Data Block Start

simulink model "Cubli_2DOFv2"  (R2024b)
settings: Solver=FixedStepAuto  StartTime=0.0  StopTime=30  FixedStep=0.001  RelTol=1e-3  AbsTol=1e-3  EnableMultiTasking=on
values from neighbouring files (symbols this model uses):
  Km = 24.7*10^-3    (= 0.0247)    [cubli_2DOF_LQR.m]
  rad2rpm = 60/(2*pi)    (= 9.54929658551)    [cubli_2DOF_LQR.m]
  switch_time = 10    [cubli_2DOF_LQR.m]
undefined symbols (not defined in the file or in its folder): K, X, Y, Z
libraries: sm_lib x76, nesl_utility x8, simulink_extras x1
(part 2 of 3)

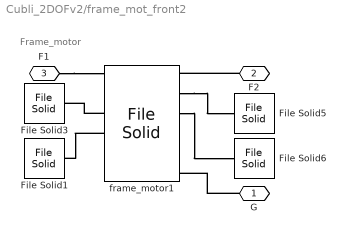
== system Cubli_2DOFv2/frame_mot_front2 ==
  note: Frame_motor
  File Solid{1,3,5..6} (4 alike) : sm_lib/Body Elements/File Solid  ExtGeomFileName=stp\socket countersunk head screw_iso.STEP  UnitType=FromFile  ExtGeomFileUnits=m  StepReaderType=HEX  ExportConvexHullGeometry=off  InertiaType=CalculateFromGeometry  BasedOnType=Mass  Density=1000  DensityUnits=kg/m^3  Mass=0.45  MassUnits=g  CenterOfMass=[0 0 0]  CenterOfMassUnits=m  MomentsOfInertia=[1 1 1]  MomentsOfInertiaUnits=kg*m^2  ProductsOfInertia=[0 0 0]  ProductsOfInertiaUnits=kg*m^2  GraphicType=FromGeometry  MarkerShape=Sphere  MarkerSize=10  GraphicVisPropType=SimpleVisualProperties  GraphicDiffuseColor=[0.502 0.502 0.502]  GraphicOpacity=1  GraphicSpecularColor=[0.5 0.5 0.5 1.0]  GraphicAmbientColor=[0.15 0.15 0.15 1.0]  GraphicEmissiveColor=[0.0 0.0 0.0 1.0]  GraphicShininess=75  DoExposeReferenceFrame=on  SerializedFrames=<Frames/>
  frame_motor1 : sm_lib/Body Elements/File Solid  ExtGeomFileName=stp\frame_motor.STEP  UnitType=FromFile  ExtGeomFileUnits=m  StepReaderType=HEX  ExportConvexHullGeometry=on  InertiaType=CalculateFromGeometry  BasedOnType=Mass  Density=1000  DensityUnits=kg/m^3  Mass=32  MassUnits=g  CenterOfMass=[0 0 0]  CenterOfMassUnits=m  MomentsOfInertia=[1 1 1]  MomentsOfInertiaUnits=kg*m^2  ProductsOfInertia=[0 0 0]  ProductsOfInertiaUnits=kg*m^2  GraphicType=FromGeometry  MarkerShape=Sphere  MarkerSize=10  GraphicVisPropType=SimpleVisualProperties  GraphicDiffuseColor=[0.902 0.902 0.902]  GraphicOpacity=1  GraphicSpecularColor=[0.5 0.5 0.5 1.0]  GraphicAmbientColor=[0.15 0.15 0.15 1.0]  GraphicEmissiveColor=[0.0 0.0 0.0 1.0]  GraphicShininess=75  DoExposeReferenceFrame=off  SerializedFrames=<Frames><Frame><Id>Frame1</Id><Value><Name>F1</Name><Origin><Source>GeometricFeature</Source><FeatureName>planar surface 14</FeatureName></Origin><PrimaryAxis><DefinedDirection>+Y</DefinedDirection><Source>ReferenceFrame</Source><SourceDirection>+Y</SourceDirection><FeatureName></FeatureName></PrimaryAxis><SecondaryAxis><DefinedDirection>+X</DefinedDirection><Source>ReferenceFrame</Source><SourceDirection>+X</SourceDirection><FeatureName></FeatureName></SecondaryAxis></Value></Frame><Frame><Id>Frame2</Id><Value><Name>F2</Name><Origin><Source>GeometricFeature</Source><FeatureName>planar surface 33</FeatureName></Origin><PrimaryAxis><DefinedDirection>+Z</DefinedDirection><Source>ReferenceFrame</Source><SourceDirection>+Z</SourceDirection><FeatureName></FeatureName></PrimaryAxis><SecondaryAxis><DefinedDirection>+X</DefinedDirection><Source>ReferenceFrame</Source><SourceDirection>+X</SourceDirection><FeatureName></FeatureName></SecondaryAxis></Value></Frame><Frame><Id>Frame3</Id><Value><Name>F3</Name><Origin><Source>GeometricFeature</Source><FeatureName>circular curve 13</FeatureName></Origin><PrimaryAxis><DefinedDirection>+Z</DefinedDirection><Source>ReferenceFrame</Source><SourceDirection>+Z</SourceDirection><FeatureName></FeatureName></PrimaryAxis><SecondaryAxis><DefinedDirection>+X</DefinedDirection><Source>ReferenceFrame</Source><SourceDirection>+X</SourceDirection><FeatureName></FeatureName></SecondaryAxis></Value></Frame><Frame><Id>Frame4</Id><Value><Name>F4</Name><Origin><Source>GeometricFeature</Source><FeatureName>circular curve 26</FeatureName></Origin><PrimaryAxis><DefinedDirection>+Y</DefinedDirection><Source>ReferenceFrame</Source><SourceDirection>+Y</SourceDirection><FeatureName></FeatureName></PrimaryAxis><SecondaryAxis><DefinedDirection>+X</DefinedDirection><Source>ReferenceFrame</Source><SourceDirection>-Z</SourceDirection><FeatureName></FeatureName></SecondaryAxis></Value></Frame><Frame><Id>Frame5</Id><Value><Name>F5</Name><Origin><Source>GeometricFeature</Source><FeatureName>circular curve 31</FeatureName></Origin><PrimaryAxis><DefinedDirection>+Y</DefinedDirection><Source>ReferenceFrame</Source><SourceDirection>+Y</SourceDirection><FeatureName></FeatureName></PrimaryAxis><SecondaryAxis><DefinedDirection>+X</DefinedDirection><Source>ReferenceFrame</Source><SourceDirection>-Z</SourceDirection><FeatureName></FeatureName></SecondaryAxis></Value></Frame><Frame><Id>Frame6</Id><Value><Name>F6</Name><Origin><Source>GeometricFeature</Source><FeatureName>circular curve 20</FeatureName></Origin><PrimaryAxis><DefinedDirection>+Y</DefinedDirection><Source>ReferenceFrame</Source><SourceDirection>+Y</SourceDirection><FeatureName></FeatureName></PrimaryAxis><SecondaryAxis><DefinedDirection>+X</DefinedDirection><Source>ReferenceFrame</Source><SourceDirection>-Z</SourceDirection><FeatureName></FeatureName></SecondaryAxis></Value></Frame><Frame><Id>Frame7</Id><Value><Name>F7</Name><Origin><Source>GeometricFeature</Source><FeatureName>circular curve 99</FeatureName></Origin><PrimaryAxis><DefinedDirection>+Y</DefinedDirection><Source>ReferenceFrame</Source><SourceDirection>+Y</SourceDirection><FeatureName></FeatureName></PrimaryAxis><SecondaryAxis><DefinedDirection>+X</DefinedDirection><Source>ReferenceFrame</Source><SourceDirection>-Z</SourceDirection><FeatureName></FeatureName></SecondaryAxis></Value></Frame><Frame><Id>Frame8</Id><Value><Name>F8</Name><Origin><Source>GeometricFeature</Source><FeatureName>circular curve 12</FeatureName></Origin><PrimaryAxis><DefinedDirection>+Y</DefinedDirection><Source>ReferenceFrame</Source><SourceDirection>+Y</SourceDirection><FeatureName></FeatureName></PrimaryAxis><SecondaryAxis><DefinedDirection>+X</DefinedDirection><Source>ReferenceFrame</Source><SourceDirection>-Z</SourceDirection><FeatureName></FeatureName></SecondaryAxis></Value></Frame><Frame><Id>Frame9</Id><Value><Name>F9</Name><Origin><Source>GeometricFeature</Source><FeatureName>circular curve 15</FeatureName></Origin><PrimaryAxis><DefinedDirection>+Y</DefinedDirection><Source>ReferenceFrame</Source><SourceDirection>+Y</SourceDirection><FeatureName></FeatureName></PrimaryAxis><SecondaryAxis><DefinedDirection>+X</DefinedDirection><Source>ReferenceFrame</Source><SourceDirection>-Z</SourceDirection><FeatureName></FeatureName></SecondaryAxis></Value></Frame><Frame><Id>Frame10</Id><Value><Name>F10</Name><Origin><Source>GeometricFeature</Source><FeatureName>circular curve 6</FeatureName></Origin><PrimaryAxis><DefinedDirection>+Y</DefinedDirection><Source>ReferenceFrame</Source><SourceDirection>+Y</SourceDirection><FeatureName></FeatureName></PrimaryAxis><SecondaryAxis><DefinedDirection>+X</DefinedDirection><Source>ReferenceFrame</Source><SourceDirection>-Z</SourceDirection><FeatureName></FeatureName></SecondaryAxis></Value></Frame><Frame><Id>Frame11</Id><Value><Name>F11</Name><Origin><Source>GeometricFeature</Source><FeatureName>circular curve 81</FeatureName></Origin><PrimaryAxis><DefinedDirection>+Y</DefinedDirection><Source>ReferenceFrame</Source><SourceDirection>+Y</SourceDirection><FeatureName></FeatureName></PrimaryAxis><SecondaryAxis><DefinedDirection>+X</DefinedDirection><Source>ReferenceFrame</Source><SourceDirection>-Z</SourceDirection><FeatureName></FeatureName></SecondaryAxis></Value></Frame></Frames>
  G : PMIOPort  Side=Left
  F2 : PMIOPort  Port=2  Side=Left
  F1 : PMIOPort  Port=3  Side=Right
  connections:
  G/RConn1 -- frame_motor1/RConn6
  F2/RConn1 -- frame_motor1/RConn1
  F1/RConn1 -- frame_motor1/LConn1
  frame_motor1/LConn4 -- File Solid1/RConn1
  frame_motor1/RConn3 -- File Solid6/RConn1
  frame_motor1/RConn2 -- File Solid5/RConn1
  frame_motor1/LConn3 -- File Solid3/RConn1

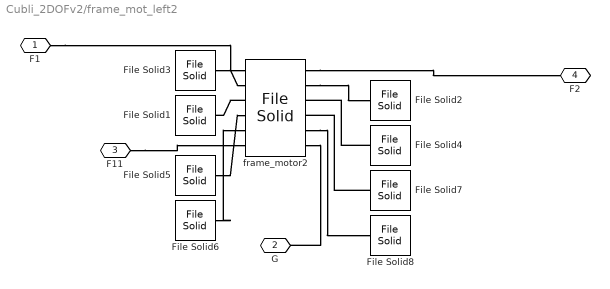
== system Cubli_2DOFv2/frame_mot_left2 ==
  File Solid{1..8} (8 alike) : sm_lib/Body Elements/File Solid  ExtGeomFileName=stp\socket countersunk head screw_iso.STEP  UnitType=FromFile  ExtGeomFileUnits=m  StepReaderType=HEX  ExportConvexHullGeometry=off  InertiaType=CalculateFromGeometry  BasedOnType=Mass  Density=1000  DensityUnits=kg/m^3  Mass=0.45  MassUnits=g  CenterOfMass=[0 0 0]  CenterOfMassUnits=m  MomentsOfInertia=[1 1 1]  MomentsOfInertiaUnits=kg*m^2  ProductsOfInertia=[0 0 0]  ProductsOfInertiaUnits=kg*m^2  GraphicType=FromGeometry  MarkerShape=Sphere  MarkerSize=10  GraphicVisPropType=SimpleVisualProperties  GraphicDiffuseColor=[0.502 0.502 0.502]  GraphicOpacity=1  GraphicSpecularColor=[0.5 0.5 0.5 1.0]  GraphicAmbientColor=[0.15 0.15 0.15 1.0]  GraphicEmissiveColor=[0.0 0.0 0.0 1.0]  GraphicShininess=75  DoExposeReferenceFrame=on  SerializedFrames=<Frames/>
  frame_motor2 : sm_lib/Body Elements/File Solid  ExtGeomFileName=stp\frame_motor.STEP  UnitType=FromFile  ExtGeomFileUnits=m  StepReaderType=HEX  ExportConvexHullGeometry=on  InertiaType=CalculateFromGeometry  BasedOnType=Mass  Density=1000  DensityUnits=kg/m^3  Mass=32  MassUnits=g  CenterOfMass=[0 0 0]  CenterOfMassUnits=m  MomentsOfInertia=[1 1 1]  MomentsOfInertiaUnits=kg*m^2  ProductsOfInertia=[0 0 0]  ProductsOfInertiaUnits=kg*m^2  GraphicType=FromGeometry  MarkerShape=Sphere  MarkerSize=10  GraphicVisPropType=SimpleVisualProperties  GraphicDiffuseColor=[0.902 0.902 0.902]  GraphicOpacity=1  GraphicSpecularColor=[0.5 0.5 0.5 1.0]  GraphicAmbientColor=[0.15 0.15 0.15 1.0]  GraphicEmissiveColor=[0.0 0.0 0.0 1.0]  GraphicShininess=75  DoExposeReferenceFrame=off  SerializedFrames=<Frames><Frame><Id>Frame1</Id><Value><Name>F1</Name><Origin><Source>GeometricFeature</Source><FeatureName>planar surface 33</FeatureName></Origin><PrimaryAxis><DefinedDirection>+X</DefinedDirection><Source>ReferenceFrame</Source><SourceDirection>+X</SourceDirection><FeatureName></FeatureName></PrimaryAxis><SecondaryAxis><DefinedDirection>+Y</DefinedDirection><Source>ReferenceFrame</Source><SourceDirection>-Y</SourceDirection><FeatureName></FeatureName></SecondaryAxis></Value></Frame><Frame><Id>Frame2</Id><Value><Name>F2</Name><Origin><Source>GeometricFeature</Source><FeatureName>planar surface 14</FeatureName></Origin><PrimaryAxis><DefinedDirection>+Z</DefinedDirection><Source>ReferenceFrame</Source><SourceDirection>+Z</SourceDirection><FeatureName></FeatureName></PrimaryAxis><SecondaryAxis><DefinedDirection>+X</DefinedDirection><Source>ReferenceFrame</Source><SourceDirection>+X</SourceDirection><FeatureName></FeatureName></SecondaryAxis></Value></Frame><Frame><Id>Frame3</Id><Value><Name>F3</Name><Origin><Source>GeometricFeature</Source><FeatureName>circular curve 26</FeatureName></Origin><PrimaryAxis><DefinedDirection>+Y</DefinedDirection><Source>ReferenceFrame</Source><SourceDirection>+Y</SourceDirection><FeatureName></FeatureName></PrimaryAxis><SecondaryAxis><DefinedDirection>+X</DefinedDirection><Source>ReferenceFrame</Source><SourceDirection>-Z</SourceDirection><FeatureName></FeatureName></SecondaryAxis></Value></Frame><Frame><Id>Frame4</Id><Value><Name>F4</Name><Origin><Source>GeometricFeature</Source><FeatureName>circular curve 118</FeatureName></Origin><PrimaryAxis><DefinedDirection>+Y</DefinedDirection><Source>ReferenceFrame</Source><SourceDirection>+Y</SourceDirection><FeatureName></FeatureName></PrimaryAxis><SecondaryAxis><DefinedDirection>+X</DefinedDirection><Source>ReferenceFrame</Source><SourceDirection>-Z</SourceDirection><FeatureName></FeatureName></SecondaryAxis></Value></Frame><Frame><Id>Frame5</Id><Value><Name>F5</Name><Origin><Source>GeometricFeature</Source><FeatureName>circular curve 20</FeatureName></Origin><PrimaryAxis><DefinedDirection>+Y</DefinedDirection><Source>ReferenceFrame</Source><SourceDirection>+Y</SourceDirection><FeatureName></FeatureName></PrimaryAxis><SecondaryAxis><DefinedDirection>+X</DefinedDirection><Source>ReferenceFrame</Source><SourceDirection>-Z</SourceDirection><FeatureName></FeatureName></SecondaryAxis></Value></Frame><Frame><Id>Frame6</Id><Value><Name>F6</Name><Origin><Source>GeometricFeature</Source><FeatureName>circular curve 99</FeatureName></Origin><PrimaryAxis><DefinedDirection>+Y</DefinedDirection><Source>ReferenceFrame</Source><SourceDirection>+Y</SourceDirection><FeatureName></FeatureName></PrimaryAxis><SecondaryAxis><DefinedDirection>+X</DefinedDirection><Source>ReferenceFrame</Source><SourceDirection>-Z</SourceDirection><FeatureName></FeatureName></SecondaryAxis></Value></Frame><Frame><Id>Frame7</Id><Value><Name>F7</Name><Origin><Source>GeometricFeature</Source><FeatureName>circular curve 6</FeatureName></Origin><PrimaryAxis><DefinedDirection>+Y</DefinedDirection><Source>ReferenceFrame</Source><SourceDirection>+Y</SourceDirection><FeatureName></FeatureName></PrimaryAxis><SecondaryAxis><DefinedDirection>+X</DefinedDirection><Source>ReferenceFrame</Source><SourceDirection>-Z</SourceDirection><FeatureName></FeatureName></SecondaryAxis></Value></Frame><Frame><Id>Frame8</Id><Value><Name>F8</Name><Origin><Source>GeometricFeature</Source><FeatureName>circular curve 92</FeatureName></Origin><PrimaryAxis><DefinedDirection>+Y</DefinedDirection><Source>ReferenceFrame</Source><SourceDirection>+Y</SourceDirection><FeatureName></FeatureName></PrimaryAxis><SecondaryAxis><DefinedDirection>+X</DefinedDirection><Source>ReferenceFrame</Source><SourceDirection>-Z</SourceDirection><FeatureName></FeatureName></SecondaryAxis></Value></Frame><Frame><Id>Frame9</Id><Value><Name>F9</Name><Origin><Source>GeometricFeature</Source><FeatureName>circular curve 15</FeatureName></Origin><PrimaryAxis><DefinedDirection>+Y</DefinedDirection><Source>ReferenceFrame</Source><SourceDirection>+Y</SourceDirection><FeatureName></FeatureName></PrimaryAxis><SecondaryAxis><DefinedDirection>+X</DefinedDirection><Source>ReferenceFrame</Source><SourceDirection>-Z</SourceDirection><FeatureName></FeatureName></SecondaryAxis></Value></Frame><Frame><Id>Frame10</Id><Value><Name>F10</Name><Origin><Source>GeometricFeature</Source><FeatureName>circular curve 81</FeatureName></Origin><PrimaryAxis><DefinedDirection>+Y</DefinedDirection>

Data Block End

Your task. Extract each line from the entries above that contains the string "system".

Your solution.
== system Cubli_2DOFv2/frame_mot_front2 ==
== system Cubli_2DOFv2/frame_mot_left2 ==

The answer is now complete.